You can do this in reverse as well and will and should. From the numbers we have right now 3000 timer ticks is 3ms or 0.003 seconds. 3000/0.003 is ticks per second or cycles per second of 1000000.
But what if we had a different controller or one with a clock we didnt know (or we have a crystal we know but we suspect there is a prescaler somewhere we cant find in the docs) so let the timer roll over 4096 ticks for example, we measure that with a stopwatch or oscilloscope or something, not that accurate in either case but might give us a rough enough idea to figure out if there is a prescaler or what clock we are actually running on if there is a pll multiplying the clock, etc. Say it was 0.0005 seconds for every 4096 timer ticks, 4096/0.0005 = 8192000 hz. Now if the crystal/oscillator in the schematic or we can read off of the part says 16Mhz that would make some sense 8000000/4096 = 0.000512 and 8Mhz is half of 16Mhz, so your measurement is probably off by a smidge and the clock has some accuracy as well and may be off by some amount. So you check the docs to see if there is an internal oscillator, if not then you are probably running off of the 16Mhz clock but there is a divide by 2 that is documented and you have not found it or isnt documented (it happens some times) and your timer is running off of system clock/2. Now you can use that number as X and figure out whatever you need. Why not have the timer count to 1000 or some other number that is easier to compute. that is fine too, but can take more work and more experiments, sometimes you have a free running timer you cannot reset at a some max or min count and instead you can just say
while(1)
{
while((read_timer()&0x1000)==0) continue;
turn_gpio_on();
while((read_timer()&0x1000)!=0) continue;
turn_gpio_off();
}
Measure the on time or the off time and that is 0x1000 ticks. hex not as pretty a number as 1000 decimal when doing decimal math on your calculator, but it is pretty when you can simply use an and operation with one bit to toggle the gpio/led.

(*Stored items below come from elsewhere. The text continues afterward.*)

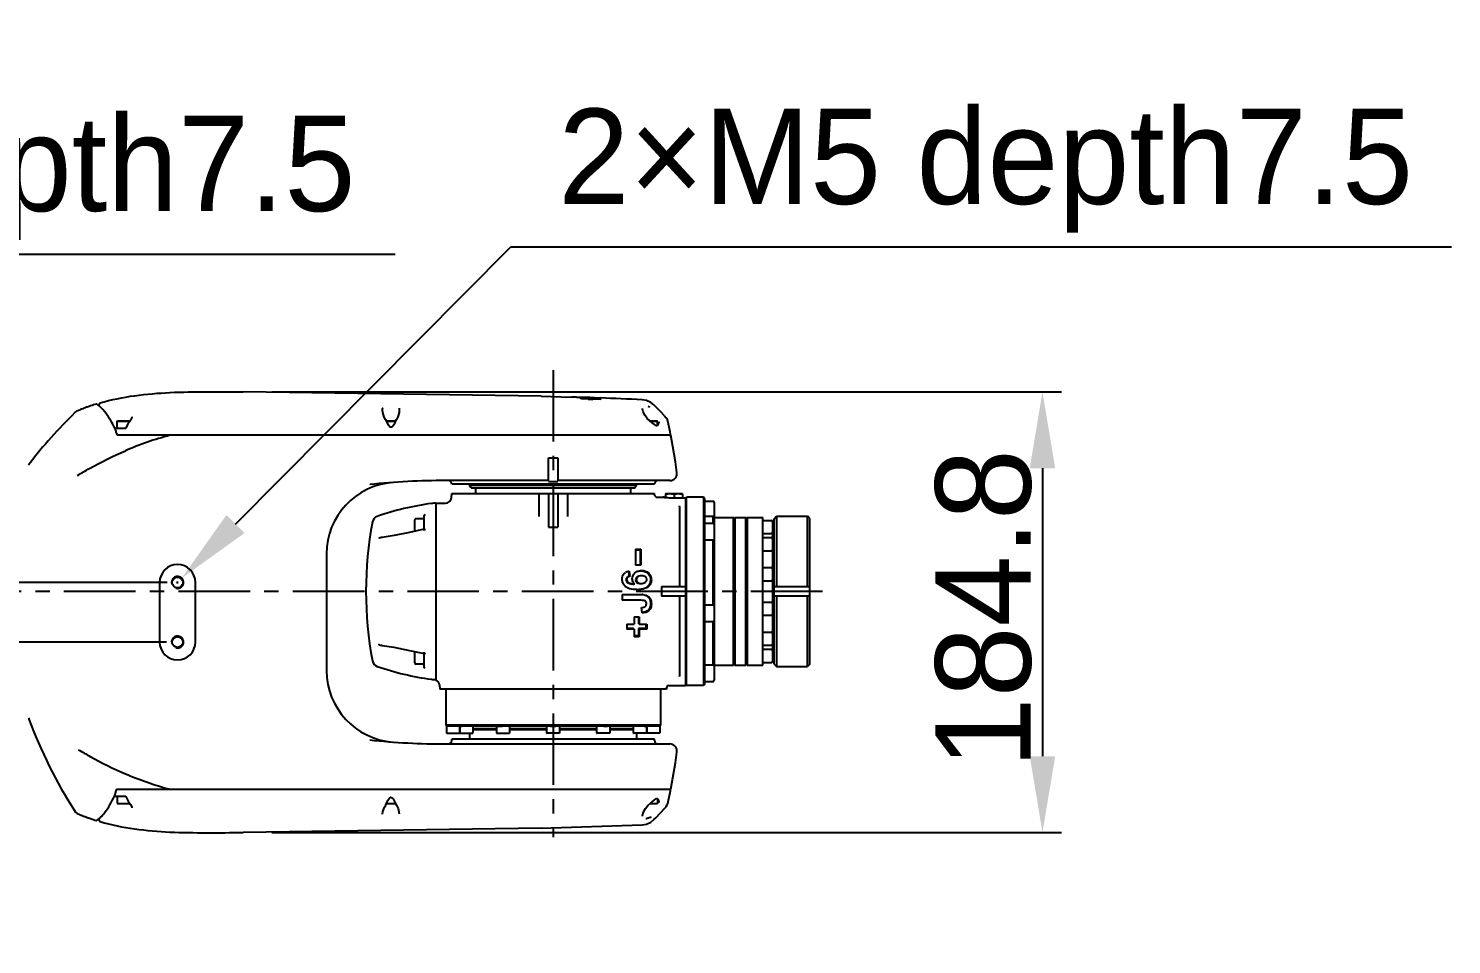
# Model space of a CAD drawing. Header units: millimetres. Extents: x 4086 to 10416, y 123 to 1549.
# Drawn here: x 7155.2 to 7304.4, y 440 to 536.1 of the extents above; entities that cross this region are included whole.
import ezdxf

# ---------------------------------------------------------------- set-up
doc = ezdxf.new("R2010")
doc.units = ezdxf.units.MM
doc.linetypes.add('CENTER', pattern=[0.6, 0.375, -0.075, 0.075, -0.075])
for name, color, linetype in [('中心线', 7, 'Continuous'), ('外形图', 7, 'Continuous'), ('尺寸标注', 7, 'Continuous')]:
    doc.layers.add(name, color=color, linetype=linetype)
doc.styles.add('思源黑', font='SourceHanSansCN-Normal.ttf')
doc.dimstyles.new('尺寸标注_1_4比例中六', dxfattribs={"dimtxt": 10, "dimasz": 8, "dimexe": 2, "dimexo": 1.5, "dimgap": 1, "dimtad": 1, "dimdec": 1, "dimlfac": 4, "dimdsep": 46, "dimtxsty": '思源黑', "dimcen": 0.09, "dimadec": 0, "dimazin": 0, "dimtp": 0.01, "dimtm": 0.01, "dimtfac": 1, "dimtdec": 1, "dimtofl": 0, "dimtmove": 0, "dimatfit": 3, "dimfxl": 1, "dimtolj": 1, "dimarcsym": 0})
doc.dimstyles.new('尺寸标注_1_4比例中六弯折', dxfattribs={"dimtxt": 10, "dimasz": 8, "dimexe": 2, "dimexo": 1.5, "dimgap": 1, "dimtad": 1, "dimtih": 1, "dimtoh": 1, "dimdec": 1, "dimlfac": 4, "dimdsep": 46, "dimtxsty": '思源黑', "dimcen": 0.09, "dimadec": 0, "dimazin": 0, "dimtp": 0.01, "dimtm": 0.01, "dimtfac": 1, "dimtdec": 1, "dimtofl": 0, "dimtmove": 0, "dimatfit": 3, "dimfxl": 1, "dimtolj": 1, "dimarcsym": 0})

# ---------------------------------------------------------------- blocks, each defined once
blk = doc.blocks.new('*D803')
at = {"layer": 'Defpoints', "color": 0}
for p in [(7073.26, 491.01), (7074.14, 491.89)]:
    blk.add_point(p, dxfattribs=at)
at = {"layer": '尺寸标注', "color": 0, "linetype": 'Continuous', "lineweight": -2}
for p in [(7079.8, 497.55), (7193.65, 512.41)]:
    blk.add_line(p, (7094.7, 512.41), dxfattribs=at)
at = {"layer": '尺寸标注', "color": 0, "linetype": 'Continuous'}
for p, q in [((7073.61, 491.45), (7073.79, 491.45)), ((7073.7, 491.36), (7073.7, 491.54))]:
    blk.add_line(p, q, dxfattribs=at)
at = {"layer": '尺寸标注', "color": 0}
blk.add_solid([(7078.86, 498.49), (7080.75, 496.6), (7074.14, 491.89)], dxfattribs=at)
at = {"layer": '尺寸标注', "color": 0, "insert": (7144.68, 520.44), "char_height": 10, "attachment_point": 5, "style": '思源黑'}
blk.add_mtext('\\A1;4×M5{\\C7; \\A1;\\fSource Han Sans CN Normal|b0|i0|c0|p34;depth}7.5', dxfattribs=at)
blk = doc.blocks.new('*D804')
at = {"layer": 'Defpoints', "color": 0}
for p in [(7179.2, 497.99), (7179.2, 451.79), (7261.5, 451.79)]:
    blk.add_point(p, dxfattribs=at)
at = {"layer": '尺寸标注', "color": 0, "linetype": 'Continuous', "lineweight": -2}
for p, q in [((7180.7, 497.99), (7263.5, 497.99)), ((7261.5, 489.99), (7261.5, 459.79)), ((7180.7, 451.79), (7263.5, 451.79))]:
    blk.add_line(p, q, dxfattribs=at)
at = {"layer": '尺寸标注', "color": 0}
for points in [[(7262.84, 489.99), (7260.17, 489.99), (7261.5, 497.99)], [(7260.17, 459.79), (7262.84, 459.79), (7261.5, 451.79)]]:
    blk.add_solid(points, dxfattribs=at)
at = {"layer": '尺寸标注', "color": 0, "insert": (7255.34, 475.26), "char_height": 10, "attachment_point": 5, "rotation": 90, "style": '思源黑'}
blk.add_mtext('\\A1;184.8', dxfattribs=at)
blk = doc.blocks.new('*D805')
at = {"layer": 'Defpoints', "color": 0}
for p in [(7142.41, 478.02), (7171.23, 478.02), (7171.18, 471.77)]:
    blk.add_point(p, dxfattribs=at)
at = {"layer": '尺寸标注', "color": 0, "linetype": 'Continuous', "lineweight": -2}
for p, q in [((7142.41, 486.02), (7142.41, 494.02)), ((7169.73, 478.02), (7140.41, 478.02)), ((7169.68, 471.77), (7140.41, 471.77)), ((7142.41, 463.77), (7142.41, 440.05))]:
    blk.add_line(p, q, dxfattribs=at)
at = {"layer": '尺寸标注', "color": 0}
for points in [[(7141.08, 486.02), (7143.75, 486.02), (7142.41, 478.02)], [(7143.75, 463.77), (7141.08, 463.77), (7142.41, 471.77)]]:
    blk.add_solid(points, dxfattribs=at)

This last point being, you can read the docs and schematics and think you know how it is working, but you should test your results, and if you are off by some whole multiple, esp if it is a power of two either your math was wrong by some whole number or there is a clock divisor somewhere in the chip you dont know about or have not looked hard enough to find, this could also mean you may have thought you boosted the crystal speed to some other speed using the pll, and maybe there is a mistake there and everything in the chip is not running at the desired speed.
(if this answer is useful to you then upvote Paul and Rev1.0 before upvoting me, thanks, just expanding on their answers).